(Materials provided)

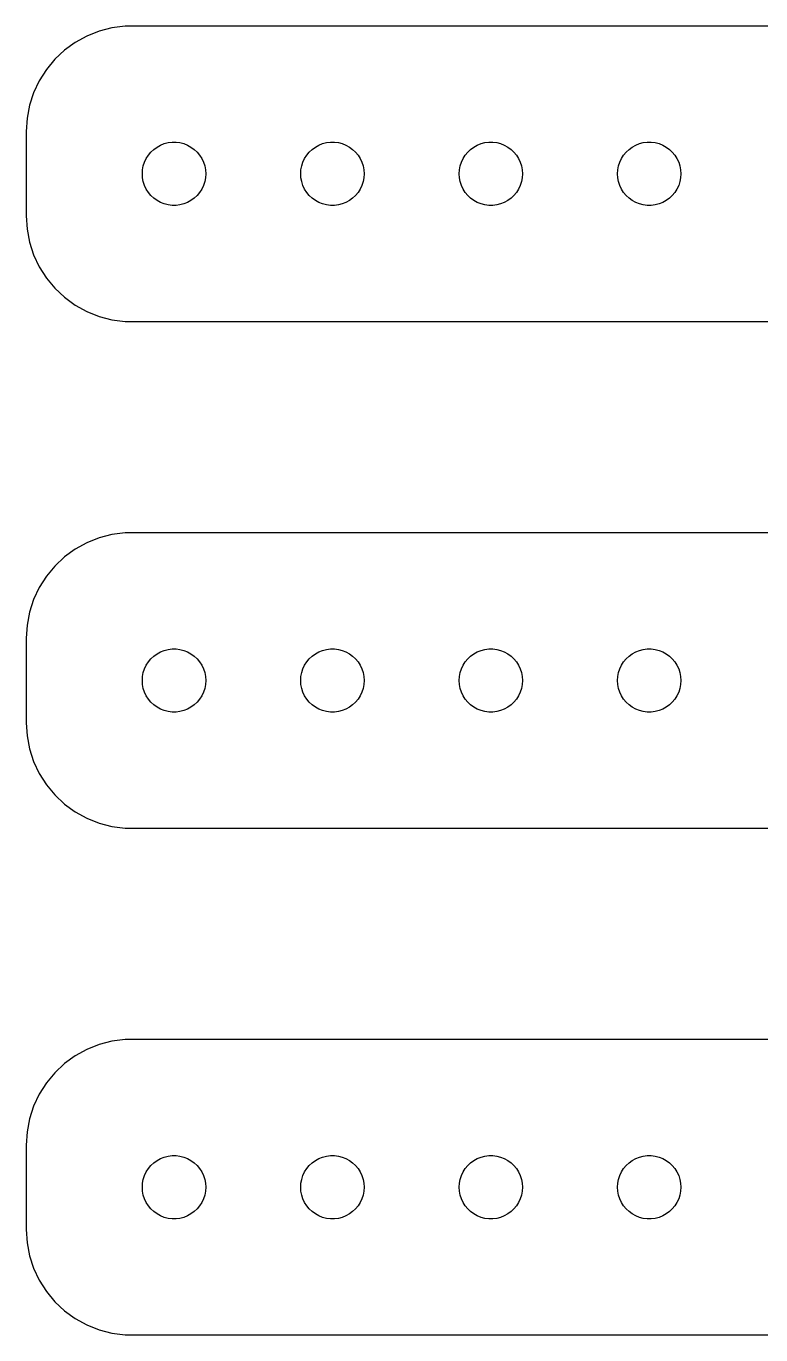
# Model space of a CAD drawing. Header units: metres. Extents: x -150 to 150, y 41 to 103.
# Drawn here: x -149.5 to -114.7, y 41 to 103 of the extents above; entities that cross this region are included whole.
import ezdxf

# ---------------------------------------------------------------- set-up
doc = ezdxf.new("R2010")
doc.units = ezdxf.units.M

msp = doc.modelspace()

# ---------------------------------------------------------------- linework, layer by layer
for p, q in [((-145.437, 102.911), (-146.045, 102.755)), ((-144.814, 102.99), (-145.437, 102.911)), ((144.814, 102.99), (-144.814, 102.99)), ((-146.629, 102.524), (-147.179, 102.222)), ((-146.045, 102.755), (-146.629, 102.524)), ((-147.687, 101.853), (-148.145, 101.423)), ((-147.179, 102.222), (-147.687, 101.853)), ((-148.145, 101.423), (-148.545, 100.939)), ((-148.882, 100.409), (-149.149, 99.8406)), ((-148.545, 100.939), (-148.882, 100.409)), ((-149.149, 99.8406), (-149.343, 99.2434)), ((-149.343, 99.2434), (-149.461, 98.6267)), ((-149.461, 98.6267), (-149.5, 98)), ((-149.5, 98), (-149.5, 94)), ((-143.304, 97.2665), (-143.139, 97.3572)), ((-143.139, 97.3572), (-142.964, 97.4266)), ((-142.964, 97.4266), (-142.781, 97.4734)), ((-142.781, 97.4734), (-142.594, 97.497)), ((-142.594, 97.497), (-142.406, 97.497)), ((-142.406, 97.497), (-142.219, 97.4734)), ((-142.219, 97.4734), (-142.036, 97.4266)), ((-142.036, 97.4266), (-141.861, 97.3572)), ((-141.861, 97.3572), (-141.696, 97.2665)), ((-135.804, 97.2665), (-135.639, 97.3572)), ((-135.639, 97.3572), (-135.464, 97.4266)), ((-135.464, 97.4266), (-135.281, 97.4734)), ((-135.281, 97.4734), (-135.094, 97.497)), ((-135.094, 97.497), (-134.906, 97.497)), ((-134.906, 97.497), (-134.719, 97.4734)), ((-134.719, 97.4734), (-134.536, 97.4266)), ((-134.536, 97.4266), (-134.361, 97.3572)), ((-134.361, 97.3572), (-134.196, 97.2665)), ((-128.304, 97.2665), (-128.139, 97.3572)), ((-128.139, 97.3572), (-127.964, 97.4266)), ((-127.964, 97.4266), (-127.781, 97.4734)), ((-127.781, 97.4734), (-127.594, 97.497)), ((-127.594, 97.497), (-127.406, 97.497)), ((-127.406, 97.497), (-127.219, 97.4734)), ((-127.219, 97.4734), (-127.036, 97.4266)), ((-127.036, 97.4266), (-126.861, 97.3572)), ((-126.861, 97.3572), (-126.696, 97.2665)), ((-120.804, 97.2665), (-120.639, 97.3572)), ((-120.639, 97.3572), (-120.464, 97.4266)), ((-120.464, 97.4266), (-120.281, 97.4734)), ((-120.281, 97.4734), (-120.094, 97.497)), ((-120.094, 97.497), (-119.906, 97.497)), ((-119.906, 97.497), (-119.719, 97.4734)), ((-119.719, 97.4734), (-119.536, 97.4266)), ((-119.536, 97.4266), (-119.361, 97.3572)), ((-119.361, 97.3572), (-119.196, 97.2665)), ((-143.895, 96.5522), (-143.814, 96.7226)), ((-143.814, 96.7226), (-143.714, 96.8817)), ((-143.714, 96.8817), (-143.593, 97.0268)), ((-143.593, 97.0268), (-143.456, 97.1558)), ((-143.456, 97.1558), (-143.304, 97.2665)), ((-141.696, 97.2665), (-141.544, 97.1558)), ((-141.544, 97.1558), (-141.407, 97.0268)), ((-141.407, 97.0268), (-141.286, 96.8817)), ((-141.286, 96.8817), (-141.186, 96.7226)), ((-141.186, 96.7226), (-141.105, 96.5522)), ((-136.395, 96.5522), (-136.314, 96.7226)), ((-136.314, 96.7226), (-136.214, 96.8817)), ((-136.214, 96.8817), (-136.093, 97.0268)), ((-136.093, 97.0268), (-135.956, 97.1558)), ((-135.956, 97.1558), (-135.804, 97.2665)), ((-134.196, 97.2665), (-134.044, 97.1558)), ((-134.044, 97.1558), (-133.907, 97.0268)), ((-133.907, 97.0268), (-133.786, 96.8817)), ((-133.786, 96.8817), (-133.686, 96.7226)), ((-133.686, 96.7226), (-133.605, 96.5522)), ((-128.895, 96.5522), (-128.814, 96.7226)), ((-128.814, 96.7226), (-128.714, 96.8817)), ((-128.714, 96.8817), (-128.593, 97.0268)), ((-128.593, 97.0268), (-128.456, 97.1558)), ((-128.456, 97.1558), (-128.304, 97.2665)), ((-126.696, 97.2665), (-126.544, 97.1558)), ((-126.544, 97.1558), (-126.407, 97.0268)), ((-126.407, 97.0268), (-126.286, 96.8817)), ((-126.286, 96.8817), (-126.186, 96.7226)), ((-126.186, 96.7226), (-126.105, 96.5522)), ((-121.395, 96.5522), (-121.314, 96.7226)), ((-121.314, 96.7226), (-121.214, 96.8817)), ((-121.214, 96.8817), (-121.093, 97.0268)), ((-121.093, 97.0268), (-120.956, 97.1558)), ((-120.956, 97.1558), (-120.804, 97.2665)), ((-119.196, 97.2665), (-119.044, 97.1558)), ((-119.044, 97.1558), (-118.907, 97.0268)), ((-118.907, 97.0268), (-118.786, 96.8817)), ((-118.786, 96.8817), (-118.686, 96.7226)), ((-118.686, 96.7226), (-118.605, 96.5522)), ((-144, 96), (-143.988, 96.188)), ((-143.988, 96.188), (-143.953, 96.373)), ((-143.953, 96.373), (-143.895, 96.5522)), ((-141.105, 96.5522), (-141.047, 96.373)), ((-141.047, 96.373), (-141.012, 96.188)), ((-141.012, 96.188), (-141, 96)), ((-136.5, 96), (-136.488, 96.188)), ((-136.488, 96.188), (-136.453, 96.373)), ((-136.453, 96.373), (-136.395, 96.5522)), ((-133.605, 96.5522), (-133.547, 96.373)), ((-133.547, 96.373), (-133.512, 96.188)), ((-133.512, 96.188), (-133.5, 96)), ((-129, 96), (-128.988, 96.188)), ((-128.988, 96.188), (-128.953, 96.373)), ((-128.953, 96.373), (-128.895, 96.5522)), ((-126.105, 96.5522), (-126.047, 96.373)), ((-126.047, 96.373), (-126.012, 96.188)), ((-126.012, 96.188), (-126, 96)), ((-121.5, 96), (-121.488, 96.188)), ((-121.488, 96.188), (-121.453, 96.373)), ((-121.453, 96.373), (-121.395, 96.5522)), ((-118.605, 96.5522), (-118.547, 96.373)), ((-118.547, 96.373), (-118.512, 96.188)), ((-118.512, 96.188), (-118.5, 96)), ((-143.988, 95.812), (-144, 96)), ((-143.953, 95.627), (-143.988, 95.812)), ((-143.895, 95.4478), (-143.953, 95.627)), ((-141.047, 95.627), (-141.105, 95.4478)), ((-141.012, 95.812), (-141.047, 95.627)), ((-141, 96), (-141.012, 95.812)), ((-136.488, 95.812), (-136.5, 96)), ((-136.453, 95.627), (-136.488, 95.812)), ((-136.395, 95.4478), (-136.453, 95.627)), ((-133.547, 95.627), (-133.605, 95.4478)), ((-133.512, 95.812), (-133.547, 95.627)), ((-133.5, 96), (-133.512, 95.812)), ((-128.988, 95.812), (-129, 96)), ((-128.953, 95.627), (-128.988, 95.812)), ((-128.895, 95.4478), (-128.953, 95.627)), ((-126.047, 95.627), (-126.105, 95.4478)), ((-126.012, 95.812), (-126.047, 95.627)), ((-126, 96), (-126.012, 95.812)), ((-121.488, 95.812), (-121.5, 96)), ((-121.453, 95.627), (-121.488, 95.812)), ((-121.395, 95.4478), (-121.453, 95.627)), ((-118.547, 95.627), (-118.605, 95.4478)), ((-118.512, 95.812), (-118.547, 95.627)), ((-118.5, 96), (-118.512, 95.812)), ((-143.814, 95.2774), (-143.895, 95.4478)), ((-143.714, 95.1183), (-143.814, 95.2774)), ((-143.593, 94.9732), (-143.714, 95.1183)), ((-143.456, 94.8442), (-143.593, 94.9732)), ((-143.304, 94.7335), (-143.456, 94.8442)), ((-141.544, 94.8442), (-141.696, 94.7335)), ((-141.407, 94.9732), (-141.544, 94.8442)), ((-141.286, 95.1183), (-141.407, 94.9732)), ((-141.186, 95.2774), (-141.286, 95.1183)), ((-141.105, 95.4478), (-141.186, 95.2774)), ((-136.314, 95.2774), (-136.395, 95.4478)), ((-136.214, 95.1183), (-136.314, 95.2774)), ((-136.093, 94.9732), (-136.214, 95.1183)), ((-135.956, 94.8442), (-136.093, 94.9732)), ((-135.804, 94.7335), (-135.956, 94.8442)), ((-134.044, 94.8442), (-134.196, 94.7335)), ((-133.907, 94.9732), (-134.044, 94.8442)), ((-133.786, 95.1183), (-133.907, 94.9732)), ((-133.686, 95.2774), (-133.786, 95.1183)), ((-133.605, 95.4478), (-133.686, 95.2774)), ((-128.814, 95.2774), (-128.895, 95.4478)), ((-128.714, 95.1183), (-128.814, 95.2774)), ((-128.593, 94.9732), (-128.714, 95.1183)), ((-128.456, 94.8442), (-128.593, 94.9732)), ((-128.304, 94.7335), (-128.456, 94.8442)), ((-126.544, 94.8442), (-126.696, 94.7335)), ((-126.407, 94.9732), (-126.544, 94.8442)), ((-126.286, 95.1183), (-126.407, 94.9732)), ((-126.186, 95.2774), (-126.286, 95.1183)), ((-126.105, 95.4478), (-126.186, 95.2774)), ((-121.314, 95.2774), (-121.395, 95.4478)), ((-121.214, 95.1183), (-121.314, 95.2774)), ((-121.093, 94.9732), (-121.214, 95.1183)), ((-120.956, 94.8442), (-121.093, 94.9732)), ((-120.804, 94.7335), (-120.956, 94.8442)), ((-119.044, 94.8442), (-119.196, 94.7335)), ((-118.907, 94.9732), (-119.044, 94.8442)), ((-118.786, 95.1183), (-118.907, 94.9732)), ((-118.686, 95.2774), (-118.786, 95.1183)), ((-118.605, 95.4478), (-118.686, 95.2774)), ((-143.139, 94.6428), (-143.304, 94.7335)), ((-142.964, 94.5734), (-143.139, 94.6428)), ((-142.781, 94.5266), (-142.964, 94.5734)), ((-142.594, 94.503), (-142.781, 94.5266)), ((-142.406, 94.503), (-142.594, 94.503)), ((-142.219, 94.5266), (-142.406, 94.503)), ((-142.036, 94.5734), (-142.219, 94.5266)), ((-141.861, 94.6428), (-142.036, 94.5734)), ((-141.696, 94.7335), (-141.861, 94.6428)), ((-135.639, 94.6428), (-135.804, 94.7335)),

(End Materials provided)

* Exercise instructions *
Which lines of the data contain the string "ezdxf"? Copy each of them.

* Output *
import ezdxf
doc = ezdxf.new("R2010")
doc.units = ezdxf.units.M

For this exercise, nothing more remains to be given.